Under the EU Freedom of Movement Directive, continuity of residence for the first 5 years is not affected by absences of up to 6 months per year. That is a calendar year starting on the anniversary of start of residence, so for you it would be counted from xth Feb to xth Feb each year.
I don't recall the WA having different conditions on this, but you can read the Agreement and then you will know.for sure








The EU-UK Withdrawal Agreement


Learn about the results of past negotiations: the Withdrawal Agreement with its chapters on Citizens’ Rights and the Protocol on Ireland/Northern...




ec.europa.eu


----------



## Bevdeforges

Don't forget, too, that a "titre de séjour" is a residence permit. If you are outside the country long enough for your legal residence to change, then you run the risk of having to start over again in the visa/residence permit game.

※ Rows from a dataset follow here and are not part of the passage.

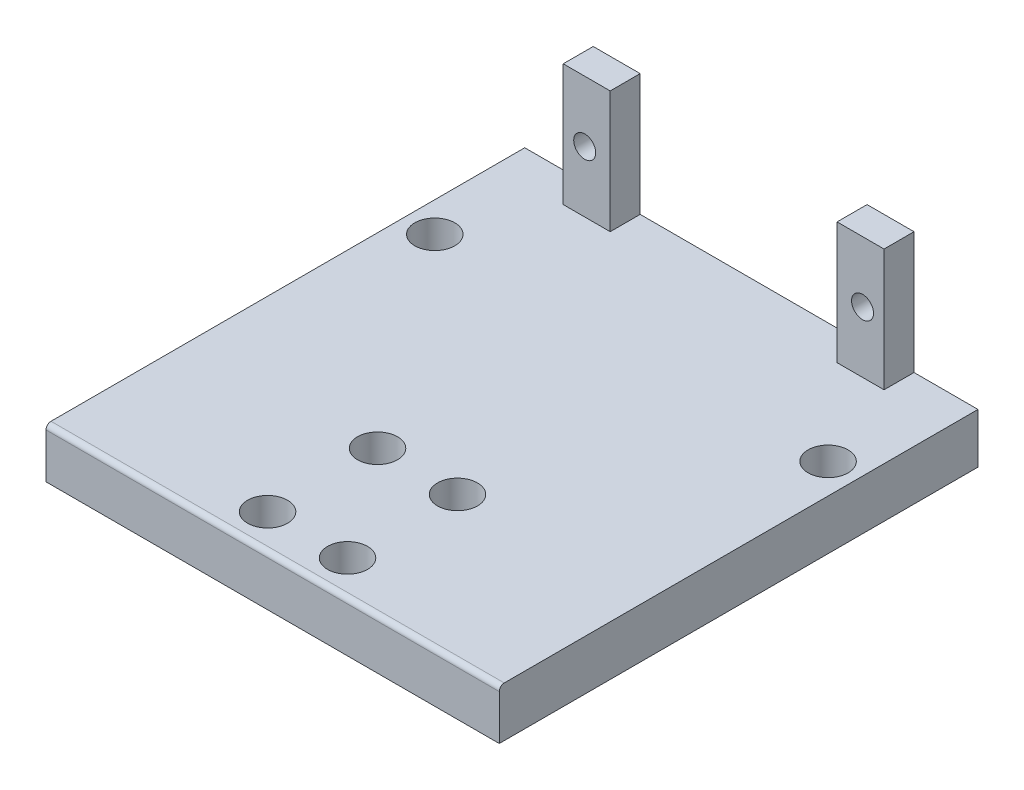
SolidWorks part; units mm, degrees
ref_plane "Front Plane" through (0, 0, 0) normal (0, 0, 1) x (1, 0, 0)
ref_plane "Top Plane" through (0, 0, 0) normal (0, 1, 0) x (1, 0, 0)
ref_plane "Right Plane" through (0, 0, 0) normal (1, 0, 0) x (0, 0, -1)
sketch "Sketch1" plane through (0, 0, 0) normal (0, 0, 1) x (1, 0, 0)
  line L0 (0, 0) -> (0, 56)
  line L1 (0, 56) -> (75.6, 56)
  line L2 (75.6, 56) -> (75.6, 0)
  line L3 (75.6, 0) -> (70.6, 0)
  line L4 (70.6, 0) -> (70.6, 51)
  line L5 (70.6, 51) -> (5, 51)
  line L6 (5, 51) -> (5, 0)
  line L7 (5, 0) -> (0, 0)
  dimension "D1" = 5
  dimension "D2" = 75.6
  dimension "D3" = 5
  dimension "D4" = 5
  dimension "D5" = 56
extrude "Boss-Extrude1" add sketch "Sketch1" along normal blind 47.9
sketch "Sketch4" plane through (0, 0, 0) normal (0, -1, 0) x (1, 0, 0)
  line L1 (-6.946, 52.7093) -> (84.5495, 52.7093)
  line L2 (-6.946, 52.7093) -> (-6.946, -4.3084)
  line L3 (-6.946, -4.3084) -> (84.5495, -4.3084)
  line L4 (84.5495, 52.7093) -> (84.5495, -4.3084)
extrude "Cut-Extrude3" cut sketch "Sketch4" against normal blind 20
sketch "Sketch6" plane through (0, 56, 0) normal (0, 1, 0) x (1, 0, 0)
  line L0 (26.9, 0) -> (26.9, -4.3)
  line L1 (75.6, 0) -> (0, 0) construction
  line L2 (26.9, -4.3) -> (22.1, -4.3)
  line L3 (22.1, -4.3) -> (22.1, -6.8)
  line L4 (22.1, -6.8) -> (26.9, -6.8)
  line L5 (26.9, -6.8) -> (26.9, -22.5)
  line L6 (26.9, -22.5) -> (49.4, -22.5)
  line L7 (49.4, -22.5) -> (49.4, -6.8)
  line L8 (49.4, -6.8) -> (54.2, -6.8)
  line L9 (54.2, -6.8) -> (54.2, -4.3)
  line L10 (54.2, -4.3) -> (49.4, -4.3)
  line L11 (49.4, -4.3) -> (49.4, 0)
  line L12 (49.4, 0) -> (26.9, 0)
  line L15 (0, -47.9) -> (0, 0) construction
  line L16 (51.4, 0) -> (51.4, -2.3)
  line L17 (51.4, -2.3) -> (56.2, -2.3)
  line L18 (56.2, -2.3) -> (56.2, -8.8)
  line L19 (56.2, -8.8) -> (51.4, -8.8)
  line L20 (51.4, -8.8) -> (51.4, -24.5)
  line L21 (51.4, -24.5) -> (24.9, -24.5)
  line L22 (24.9, -24.5) -> (24.9, -8.8)
  line L23 (24.9, -8.8) -> (20.1, -8.8)
  line L24 (20.1, -8.8) -> (20.1, -2.3)
  line L25 (20.1, -2.3) -> (24.9, -2.3)
  line L26 (24.9, -2.3) -> (24.9, 0)
  line M7 (75.6, 0) -> (0, 0)
  dimension "D1" = 26.9
  dimension "D2" = 4.8
  dimension "D3" = 4.8
  dimension "D4" = 4.8
  dimension "D5" = 4.8
  dimension "D6" = 22.5
  dimension "D7" = 4.3
  dimension "D8" = 4.3
  dimension "D9" = 22.5
  dimension "D10" = 2.5
  dimension "D11" = 2.5
  dimension "D12" = 2
  dimension "D13" = 2
  dimension "D14" = 2
  dimension "D15" = 2
  dimension "D16" = 2
  dimension "D17" = 2
  dimension "D18" = 2
  dimension "D19" = 2
  dimension "D20" = 2
  dimension "D21" = 2
  dimension "D22" = 2
extrude "Boss-Extrude2" add sketch "Sketch6" along normal blind 3 contours L26 L25 L24 L23 L22 L21 L20 L19 L18 L17 L16 L11 L10 L9 L8 L7 L6 L5 L4 L3 L2 L0 M7
fillet "Fillet1" radius 0.5 18 edges at (51.4, 57.5, 0) (24.9, 57.5, 0) (20.1, 56, 5.55) (22.5, 56, 8.8) (24.9, 56, 16.65) (38.15, 56, 24.5) (51.4, 56, 16.65) (53.8, 56, 8.8) (56.2, 56, 5.55) (53.8, 56, 2.3) (51.4, 56, 1.15) (63.5, 56, 0) (75.6, 56, 23.95) (37.8, 56, 47.9) (0, 56, 23.95) (12.45, 56, 0) (24.9, 56, 1.15) (22.5, 56, 2.3)
sketch "Sketch7" plane through (0, 20, 0) normal (0, -1, 0) x (1, 0, 0)
  line L1 (0, 47.9) -> (5, 47.9)
  line L2 (0, 47.9) -> (0, 0)
  line L3 (0, 0) -> (5, 0)
  line L4 (5, 47.9) -> (5, 0)
  line L5 (70.6, 47.9) -> (75.6, 47.9)
  line L6 (70.6, 47.9) -> (70.6, 0)
  line L7 (70.6, 0) -> (75.6, 0)
  line L8 (75.6, 47.9) -> (75.6, 0)
extrude "Cut-Extrude4" cut sketch "Sketch7" against normal up to surface (31 mm away) up to face at (37.8, 51, 23.95)
sketch "Sketch8" plane through (0, 56, 0) normal (0, 1, 0) x (1, 0, 0)
  line L0 (0, 0) -> (24.4, 0) construction
  line L1 (15.25, 0) -> (0.25, 0)
  line L2 (15.25, 0) -> (15.25, -47.65)
  line L3 (15.25, -47.65) -> (0.25, -47.65)
  line L4 (0.25, 0) -> (0.25, -47.65)
  line L5 (0.5, -47.4) -> (0, -47.9) construction
  line L6 (75.6, -47.9) -> (0, -47.9) construction
  line L7 (75.6, 0) -> (60.6, 0)
  line L8 (75.6, 0) -> (75.6, -47.9)
  line L9 (75.6, -47.9) -> (60.6, -47.9)
  line L10 (60.6, 0) -> (60.6, -47.9)
  line L12 (0, 0) -> (15.25, 0)
  line L13 (0, 0) -> (0, -47.9)
  line L14 (0, -47.9) -> (15.25, -47.9)
  line L15 (15.25, 0) -> (15.25, -47.9)
  line M7 (24.4, -0.5) -> (0.5, -0.5)
  line M8 (0.5, -0.5) -> (0.5, -47.4)
  line M9 (0.5, -47.4) -> (75.1, -47.4)
  line M13 (0.5, -47.4) -> (75.1, -47.4)
  line M14 (75.1, -47.4) -> (75.1, -0.5)
  line M15 (75.1, -0.5) -> (51.9, -0.5)
  dimension "D1" = 15
  dimension "D2" = 15
extrude "Cut-Extrude6" cut sketch "Sketch8" against normal through all contours L2 M7 M8 M9 | L15 L3 L4 L12 L13 L14 | L1 L4 L3 L2 M9 M8 M7 | L10 M15 M13 M14 | L7 L10 L9 L8 M15 M14 M13
sketch "Sketch9" plane through (0, 59, 0) normal (0, 1, 0) x (1, 0, 0)
  line L0 (60.6, -0.5) -> (60.6, -47.4) construction
  line L1 (15.25, 0) -> (60.6, 0)
  line L2 (15.25, 0) -> (15.25, -26.396)
  line L3 (15.25, -26.396) -> (60.6, -26.396)
  line L4 (60.6, 0) -> (60.6, -26.396)
extrude "Cut-Extrude7" cut sketch "Sketch9" against normal up to surface (3 mm away) up to face at (38.0938, 56, 11.95)
sketch "Sketch11" plane through (0, 0, 0) normal (0, 0, -1) x (-1, 0, 0)
  line L0 (-51.034, 56) -> (-25.266, 56) construction
  line L1 (-38.15, 56) -> (-22.1, 56)
  line L2 (-38.15, 56) -> (-38.15, 68.2)
  line L3 (-38.15, 68.2) -> (-22.1, 68.2)
  line L4 (-22.1, 56) -> (-22.1, 68.2)
  line L5 (-22.1, 62.1) -> (-54.2, 62.1)
  line L6 (-38.15, 56) -> (-54.2, 56)
  line L7 (-38.15, 56) -> (-38.15, 68.2)
  line L8 (-38.15, 68.2) -> (-54.2, 68.2)
  line L9 (-54.2, 56) -> (-54.2, 68.2)
  circle A0 centre (-52.05, 62.1) radius 1.1
  circle A1 centre (-24.25, 62.1) radius 1.1
  line M1 (-25.266, 56) -> (-51.034, 56)
  dimension "D4" = 2.2
  dimension "D5" = 2.2
  dimension "D1" = 16.05
  dimension "D2" = 16.05
  dimension "D3" = 12.2
  dimension "D6" = 2.15
  dimension "D7" = 2.15
extrude "Boss-Extrude3" add sketch "Sketch11" against normal blind 3 contours A0 L5 L2 L8 L9 | A0 L5 L9 L6 L2 M1 | A1 L5 L4 L3 L2 | A1 L5 L2 L1 L4 M1
sketch "Sketch12" plane through (0, 0, 0) normal (0, 0, -1) x (-1, 0, 0)
  line L0 (-22.1, 68.2) -> (-54.2, 68.2) construction
  line L1 (-49.5, 68.2) -> (-26.8, 68.2)
  line L2 (-49.5, 68.2) -> (-49.5, 56)
  line L3 (-49.5, 56) -> (-26.8, 56)
  line L4 (-26.8, 68.2) -> (-26.8, 56)
  line L5 (-54.2, 56) -> (-54.2, 68.2) construction
  line L6 (-22.1, 56) -> (-22.1, 68.2) construction
  dimension "D1" = 4.7
  dimension "D2" = 4.7
extrude "Cut-Extrude8" cut sketch "Sketch12" against normal through all
sketch "Sketch13" plane through (0, 0, 0) normal (0, 0, -1) x (-1, 0, 0)
  line L1 (-60.6, 51) -> (-15.25, 51)
  line L2 (-60.6, 51) -> (-60.6, 56)
  line L3 (-60.6, 56) -> (-15.25, 56)
  line L4 (-15.25, 51) -> (-15.25, 56)
extrude "Boss-Extrude4" add sketch "Sketch13" against normal blind 3
sketch "Sketch16" plane through (0, 56, 0) normal (0, 1, 0) x (1, 0, 0)
  line L1 (15.25, 0) -> (15.25, -47.4) construction
  circle A0 centre (33.925, -33.4047) radius 2
  circle A1 centre (41.925, -33.4047) radius 2
  circle A2 centre (41.925, -44.4047) radius 2
  circle A3 centre (33.925, -44.4047) radius 2
  dimension "D5" = 4
  dimension "D1" = 11
  dimension "D2" = 11
  dimension "D3" = 8
  dimension "D4" = 18.675
extrude "Cut-Extrude9" cut sketch "Sketch16" against normal blind 10
sketch "Sketch18" plane through (0, 56, 0) normal (0, 1, 0) x (1, 0, 0)
  line L0 (15.25, 0) -> (22.1, 0) construction
  line L1 (15.25, 0) -> (15.25, -47.4) construction
  line L2 (60.6, 0) -> (60.6, -47.4) construction
  line L3 (54.2, 0) -> (60.6, 0) construction
  circle A0 centre (18.25, -12) radius 2
  circle A1 centre (57.6, -12) radius 2
  dimension "D1" = 4
  dimension "D2" = 4
  dimension "D3" = 12
  dimension "D4" = 3
  dimension "D5" = 3
  dimension "D6" = 12
extrude "Cut-Extrude10" cut sketch "Sketch18" against normal blind 10
equation "\"D4@Sketch16\"=37.35/2"

If you plan to be gone for any extended periods of time, you should probably be sure to maintain your place of residence in France while you're out of the country.


----------



## nawrp

Hello everyone. I'm going a bit mad waiting for my carte de séjour which unfortunately I applied for late december 2021. I need to visit the U.K. for a short period . Will the carte de sejour be asked for when I return by ferry? I've been here since 1987.

Thanks fro any help.


----------



## EuroTrash

nawrp said:


> Hello everyone. I'm going a bit mad waiting for my carte de séjour which unfortunately I applied for late december 2021. I need to visit the U.K. for a short period . Will the carte de sejour be asked for when I return by ferry? I've been here since 1987.
> 
> Thanks fro any help.


They don't ask every traveller on a non French passport whether they have a cds. If you don't hand them one, they assume you're a visitor and stamp your passport.
As long as you receive your cds within 3 months of returning to France, having an entry stamp in your passport won't matter.


----------



## EuroTrash

Although the thought just flashed into my head that exiting France on a UK passport with no entry stamp and without a CdS, is when questions might be asked.


----------



## BackinFrance

nawrp said:


> Hello everyone. I'm going a bit mad waiting for my carte de séjour which unfortunately I applied for late december 2021. I need to visit the U.K. for a short period . Will the carte de sejour be asked for when I return by ferry? I've been here since 1987.
> 
> Thanks fro any help.


Do you have evidence that you have submitted your application? If so, it might help to carry it with you.


----------



## nawrp

Hello,yes I have a recorded letter slip form 29th December 2021 with a reply asking for the relevant documents passport,proof of adresss and motivation letter . These documents were sent with tracking number back to the Préfecture on the 9th January 2022 and since then I have sent emails asking for updates with for the moment no replies. I know the french services are somewhat overwhelmed with french id card demands which take around 5 months to process so I am guessing cds's will take time too. It's just a bit frustrating to have no news after three months.


----------



## EuroTrash

Is it a Withdrawal Agreement titre de séjour that you applied for? Are you a British citizen?
I am wondering because I don't think the online application portal asked for a motivation letter.
I guess there was a good reason why you didn't apply on the portal before the deadline but it may have complicated things somewhat. When you applied on the portal you got an automated email that confirmed your WA rights while your application was processed, but I don't suppose the préfecture issues that same letter..
I hadn't heard about a sudden overwhelming demand for French ID cards, it sounds rather strange, I wonder why that is?


----------



## nawrp

Perhaps the id card problem is local and yes I am a U.K. citizen. My french daughters reminded me about a cds. I did'nt even think about it. After the deadline the french gouvernment simply tells you to contact your Préfecture. This is what I"ve found on the web from the gouverment "Les ressortissants britanniques ont l’obligation de détenir un titre de séjour à compter du 1er janvier 2022. Après cette date, les personnes n’ayant pas reçu leur titre de séjour pourront continuer à séjourner régulièrement en France et à bénéficier des droits attachés à leur statut (séjour, travail, droits sociaux) dès lors qu’ils sont en mesure de présenter l’attestation d’enregistrement de dépôt de leur demande de titre de séjour en ligne ou un récépissé de demande de titre de séjour délivré par la préfecture dans le cadre de l’accord de retrait ."


----------



## EuroTrash

Yes that sounds right. Does your récipissé confirm that you've applied under the withdrawal agreement? I'm just a bit surprised that they're asking for a motivation letter.


----------



## nawrp

Hello again. I'll send them a recorded letter to try and get an update . I'll let you know what happenns. Thanks for the advice.


----------



## BackinFrance

EuroTrash said:


> Yes that sounds right. Does your récipissé confirm that you've applied under the withdrawal agreement? I'm just a bit surprised that they're asking for a motivation letter.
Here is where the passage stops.